[INFORMATION SUPPLIED Boundary: Start]

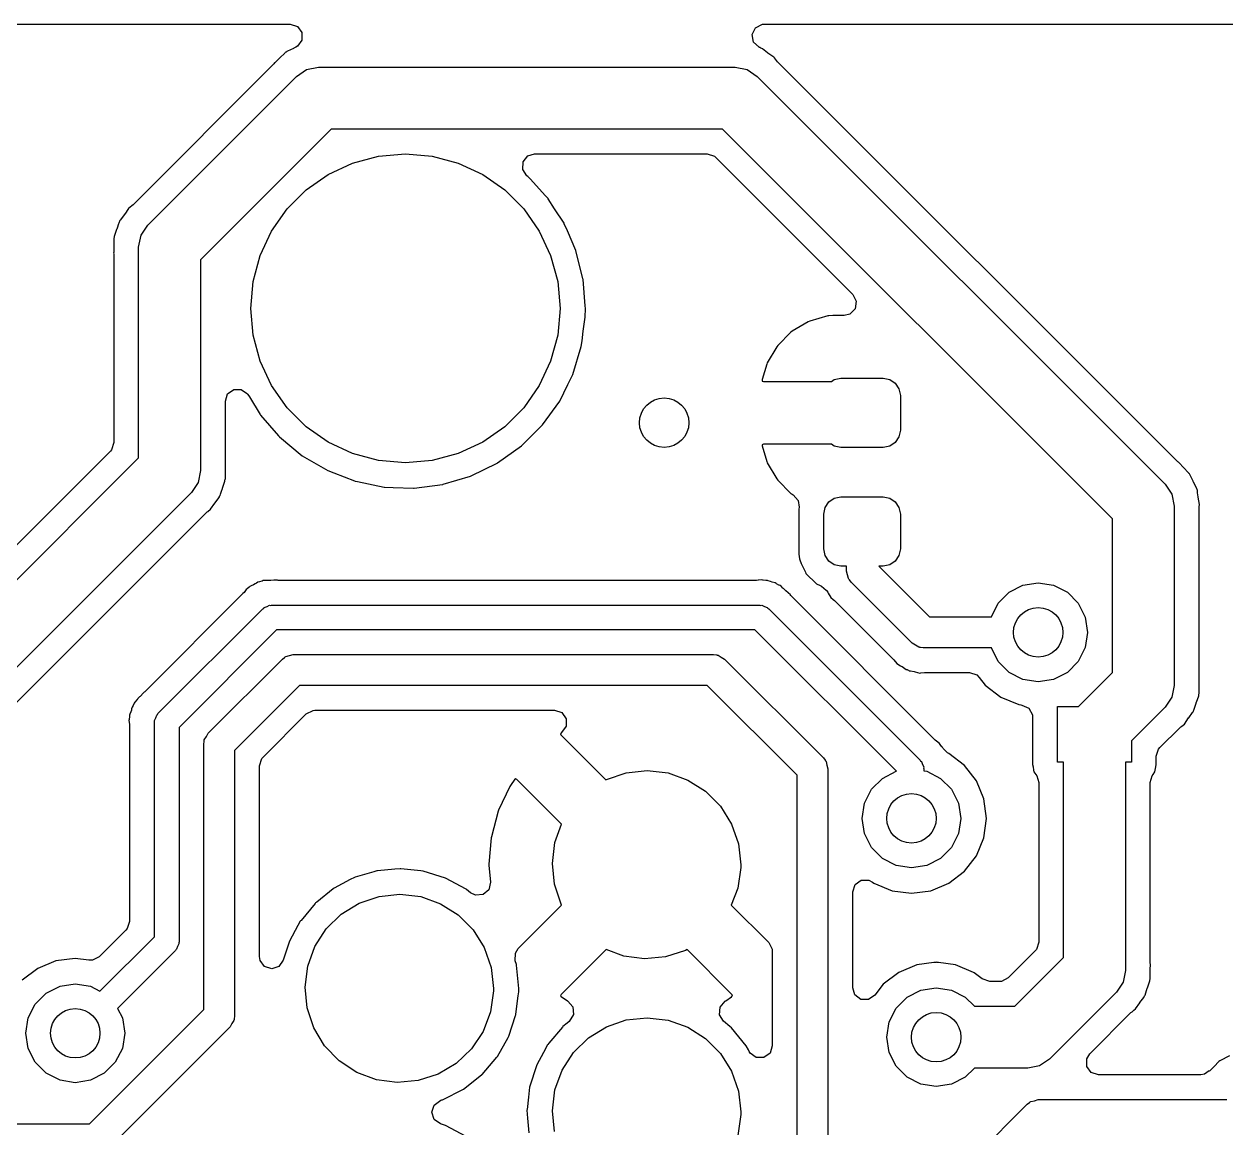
# Model space of a CAD drawing. Extents: x -27 to 355, y -108 to 35.
# Drawn here: x 321.22 to 330.94, y 25.5 to 34.42 of the extents above; entities that cross this region are included whole.
import ezdxf

# ---------------------------------------------------------------- set-up
doc = ezdxf.new("R2010")
doc.units = 0
doc.layers.add('BLACK', color=7, linetype='CONTINUOUS')

msp = doc.modelspace()

# ---------------------------------------------------------------- linework, layer by layer
at = {"layer": 'BLACK', "linetype": 'CONTINUOUS'}
for p, q in [((320.489, 34.4245), (323.376, 34.4245)), ((323.376, 34.4245), (323.434, 34.4056)), ((327.14, 34.3944), (327.194, 34.423)), ((327.194, 34.423), (327.211, 34.4245)), ((327.211, 34.4245), (345.626, 34.4245)), ((323.434, 34.4056), (323.47, 34.3561)), ((323.47, 34.3561), (323.47, 34.2949)), ((327.113, 34.3395), (327.14, 34.3944)), ((327.123, 34.2792), (327.113, 34.3395)), ((323.401, 34.2269), (323.354, 34.2045)), ((323.404, 34.2283), (323.401, 34.2269)), ((323.422, 34.2376), (323.404, 34.2287)), ((323.404, 34.2287), (323.404, 34.2283)), ((323.434, 34.2454), (323.422, 34.2376)), ((323.47, 34.2949), (323.434, 34.2454)), ((327.167, 34.2366), (327.123, 34.2792)), ((327.169, 34.2359), (327.167, 34.2366)), ((327.176, 34.2336), (327.169, 34.2359)), ((327.182, 34.2295), (327.176, 34.2336)), ((327.189, 34.2271), (327.182, 34.2295)), ((327.195, 34.2227), (327.189, 34.2271)), ((327.236, 34.192), (327.195, 34.2227)), ((327.195, 34.2227), (327.195, 34.2227)), ((323.29, 34.1485), (323.253, 34.1144)), ((323.293, 34.1512), (323.29, 34.1485)), ((323.331, 34.1888), (323.293, 34.1512)), ((323.336, 34.1931), (323.331, 34.1888)), ((323.341, 34.1957), (323.336, 34.1931)), ((323.343, 34.1972), (323.341, 34.1957)), ((323.347, 34.2013), (323.343, 34.1972)), ((323.354, 34.2045), (323.347, 34.2013)), ((323.354, 34.2045), (323.354, 34.2045)), ((327.239, 34.1902), (327.236, 34.192)), ((327.287, 34.1566), (327.239, 34.1902)), ((327.292, 34.1508), (327.287, 34.1566)), ((327.309, 34.1287), (327.292, 34.1508)), ((327.317, 34.12), (327.309, 34.1287)), ((330.546, 30.8906), (327.317, 34.12)), ((323.238, 34.096), (322.105, 32.9626)), ((323.244, 34.1033), (323.238, 34.096)), ((323.248, 34.1094), (323.244, 34.1033)), ((323.253, 34.1144), (323.248, 34.1094)), ((323.253, 34.1144), (323.253, 34.1144)), ((323.427, 34.0013), (323.508, 34.0555)), ((323.508, 34.0555), (323.604, 34.0745)), ((323.604, 34.0745), (323.604, 34.0745)), ((323.604, 34.0745), (326.975, 34.0745)), ((326.975, 34.0745), (327.071, 34.0555)), ((327.071, 34.0555), (327.152, 34.0013)), ((322.223, 32.7978), (323.427, 34.0013)), ((327.152, 34.0013), (330.452, 30.7018)), ((323.707, 33.5745), (322.65, 32.5174)), ((326.872, 33.5745), (323.707, 33.5745)), ((330.025, 30.4214), (326.872, 33.5745)), ((323.88, 33.2996), (324.09, 33.356)), ((324.09, 33.356), (324.308, 33.375)), ((324.308, 33.375), (324.525, 33.356)), ((324.525, 33.356), (324.735, 33.2996)), ((325.259, 33.3094), (325.297, 33.3574)), ((325.297, 33.3574), (325.352, 33.374)), ((325.352, 33.374), (326.748, 33.374)), ((326.748, 33.374), (326.806, 33.3551)), ((326.806, 33.3551), (326.818, 33.345)), ((326.818, 33.345), (327.926, 32.237)), ((323.683, 33.2075), (323.88, 33.2996)), ((324.735, 33.2996), (324.933, 33.2075)), ((325.256, 33.2482), (325.259, 33.3094)), ((325.29, 33.1973), (325.256, 33.2482)), ((323.504, 33.0826), (323.683, 33.2075)), ((324.933, 33.2075), (325.111, 33.0826)), ((325.297, 33.192), (325.29, 33.1973)), ((325.3, 33.1895), (325.297, 33.192)), ((325.297, 33.192), (325.297, 33.192)), ((325.318, 33.17), (325.3, 33.1895)), ((325.438, 33.0376), (325.318, 33.17)), ((323.35, 32.9285), (323.504, 33.0826)), ((325.111, 33.0826), (325.265, 32.9285)), ((322.096, 32.9549), (322.068, 32.9328)), ((322.105, 32.9626), (322.096, 32.9549)), ((325.461, 33.013), (325.438, 33.0376)), ((325.463, 33.0096), (325.461, 33.013)), ((325.514, 32.9311), (325.463, 33.0096)), ((325.463, 33.0096), (325.463, 33.0096)), ((322.032, 32.8817), (322.002, 32.8402)), ((322.034, 32.8842), (322.032, 32.8817)), ((322.037, 32.8877), (322.034, 32.8842)), ((322.068, 32.9328), (322.037, 32.8877)), ((323.225, 32.75), (323.35, 32.9285)), ((325.265, 32.9285), (325.39, 32.75)), ((325.59, 32.8128), (325.514, 32.9311)), ((321.972, 32.7622), (321.952, 32.7063)), ((321.973, 32.7651), (321.972, 32.7622)), ((321.975, 32.7726), (321.973, 32.7651)), ((321.987, 32.8091), (321.975, 32.7726)), ((321.989, 32.8143), (321.987, 32.8091)), ((321.991, 32.8214), (321.989, 32.8143)), ((321.989, 32.8143), (321.989, 32.8143)), ((321.995, 32.8273), (321.991, 32.8214)), ((321.997, 32.8342), (321.995, 32.8273)), ((322.002, 32.8402), (321.997, 32.8342)), ((322.169, 32.7166), (322.223, 32.7978)), ((325.592, 32.8091), (325.59, 32.8128)), ((325.617, 32.7515), (325.592, 32.8091)), ((325.592, 32.8091), (325.592, 32.8091)), ((321.952, 32.6976), (321.95, 32.6922)), ((321.95, 32.6922), (321.95, 32.6856)), ((321.95, 32.6856), (321.95, 32.6324)), ((321.952, 32.7063), (321.952, 32.7003)), ((321.952, 32.7003), (321.952, 32.6976)), ((322.15, 32.621), (322.169, 32.7166)), ((323.133, 32.5525), (323.225, 32.75)), ((325.39, 32.75), (325.482, 32.5525)), ((325.685, 32.594), (325.617, 32.7515)), ((321.948, 32.58), (321.947, 32.571)), ((321.947, 32.571), (321.949, 32.5642)), ((321.949, 32.6285), (321.948, 32.58)), ((321.95, 32.6324), (321.949, 32.6285)), ((321.949, 32.5642), (321.95, 32.5544)), ((322.15, 30.916), (322.15, 32.621)), ((325.689, 32.58), (325.685, 32.594)), ((325.74, 32.3778), (325.689, 32.58)), ((321.95, 32.5544), (321.95, 31.0401)), ((322.65, 32.5174), (322.65, 30.8125)), ((323.076, 32.3421), (323.133, 32.5525)), ((325.482, 32.5525), (325.539, 32.3421)), ((325.743, 32.3627), (325.74, 32.3778)), ((323.058, 32.125), (323.076, 32.3421)), ((325.539, 32.3421), (325.558, 32.125)), ((325.744, 32.3587), (325.743, 32.3627)), ((325.761, 32.145), (325.744, 32.3587)), ((325.744, 32.3587), (325.744, 32.3587)), ((327.926, 32.237), (327.954, 32.1825)), ((327.954, 32.1825), (327.944, 32.1221)), ((323.076, 31.9079), (323.058, 32.125)), ((325.558, 32.125), (325.539, 31.9079)), ((325.763, 32.125), (325.761, 32.145)), ((325.761, 32.0539), (325.763, 32.125)), ((327.901, 32.0788), (327.856, 32.068)), ((327.944, 32.1221), (327.901, 32.0788)), ((325.746, 31.9413), (325.761, 32.0539)), ((327.565, 32.0163), (327.435, 31.9393)), ((327.577, 32.0212), (327.565, 32.0163)), ((327.723, 32.0637), (327.577, 32.0212)), ((327.733, 32.0655), (327.723, 32.0637)), ((327.763, 32.0678), (327.733, 32.0655)), ((327.767, 32.068), (327.763, 32.0678)), ((327.856, 32.068), (327.767, 32.068)), ((323.133, 31.6975), (323.076, 31.9079)), ((325.539, 31.9079), (325.482, 31.6975)), ((325.736, 31.8628), (325.746, 31.9413)), ((327.425, 31.9317), (327.318, 31.8247)), ((327.435, 31.9393), (327.425, 31.9317)), ((325.661, 31.5892), (325.73, 31.8174)), ((325.73, 31.8174), (325.736, 31.8628)), ((327.311, 31.815), (327.234, 31.6848)), ((327.318, 31.8247), (327.311, 31.815)), ((323.225, 31.5), (323.133, 31.6975)), ((325.482, 31.6975), (325.39, 31.5)), ((327.229, 31.6734), (327.193, 31.5491)), ((327.234, 31.6848), (327.229, 31.6734)), ((323.35, 31.3215), (323.225, 31.5)), ((325.39, 31.5), (325.265, 31.3215)), ((325.555, 31.3754), (325.622, 31.5101)), ((325.622, 31.5101), (325.659, 31.5856)), ((325.659, 31.5856), (325.661, 31.5892)), ((325.659, 31.5856), (325.659, 31.5856)), ((327.193, 31.5491), (327.193, 31.5371)), ((327.193, 31.5371), (327.203, 31.534)), ((327.203, 31.534), (327.753, 31.534)), ((327.753, 31.534), (327.776, 31.5493)), ((327.776, 31.5493), (327.83, 31.56)), ((327.83, 31.56), (328.17, 31.56)), ((328.17, 31.56), (328.224, 31.5493)), ((328.224, 31.5493), (328.269, 31.519)), ((328.269, 31.519), (328.299, 31.4736)), ((322.851, 31.3753), (322.869, 31.4335)), ((322.869, 31.4335), (322.919, 31.4695)), ((322.919, 31.4695), (322.98, 31.4695)), ((322.98, 31.4695), (323.03, 31.4335)), ((323.03, 31.4335), (323.034, 31.4271)), ((323.034, 31.4271), (323.046, 31.408)), ((323.046, 31.408), (323.133, 31.2654)), ((328.299, 31.4736), (328.31, 31.42)), ((328.31, 31.42), (328.31, 31.14)), ((322.851, 30.8791), (322.851, 31.3753)), ((323.504, 31.1674), (323.35, 31.3215)), ((325.265, 31.3215), (325.111, 31.1674)), ((325.416, 31.1817), (325.555, 31.3754)), ((323.133, 31.2654), (323.136, 31.2623)), ((323.136, 31.2623), (323.136, 31.2623)), ((323.136, 31.2623), (323.282, 31.0929)), ((323.683, 31.0425), (323.504, 31.1674)), ((325.111, 31.1674), (324.933, 31.0425)), ((325.247, 31.0133), (325.408, 31.1735)), ((325.408, 31.1735), (325.413, 31.1788)), ((325.413, 31.1788), (325.416, 31.1817)), ((328.31, 31.14), (328.299, 31.0864)), ((321.95, 31.0401), (321.931, 30.9819)), ((323.282, 31.0929), (323.289, 31.0851)), ((323.289, 31.0851), (323.473, 30.9327)), ((323.88, 30.9504), (323.683, 31.0425)), ((324.933, 31.0425), (324.735, 30.9504)), ((325.053, 30.8748), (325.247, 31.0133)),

[INFORMATION SUPPLIED Boundary: End]

REQUIREMENT
Exactly as written, repeat the lines from the beginning of the entries up to and including the line with "msp = doc.modelspace()", but not the pictures.

COMPLETED TASK
# Model space of a CAD drawing. Extents: x -27 to 355, y -108 to 35.
# Drawn here: x 321.22 to 330.94, y 25.5 to 34.42 of the extents above; entities that cross this region are included whole.
import ezdxf

# ---------------------------------------------------------------- set-up
doc = ezdxf.new("R2010")
doc.units = 0
doc.layers.add('BLACK', color=7, linetype='CONTINUOUS')

msp = doc.modelspace()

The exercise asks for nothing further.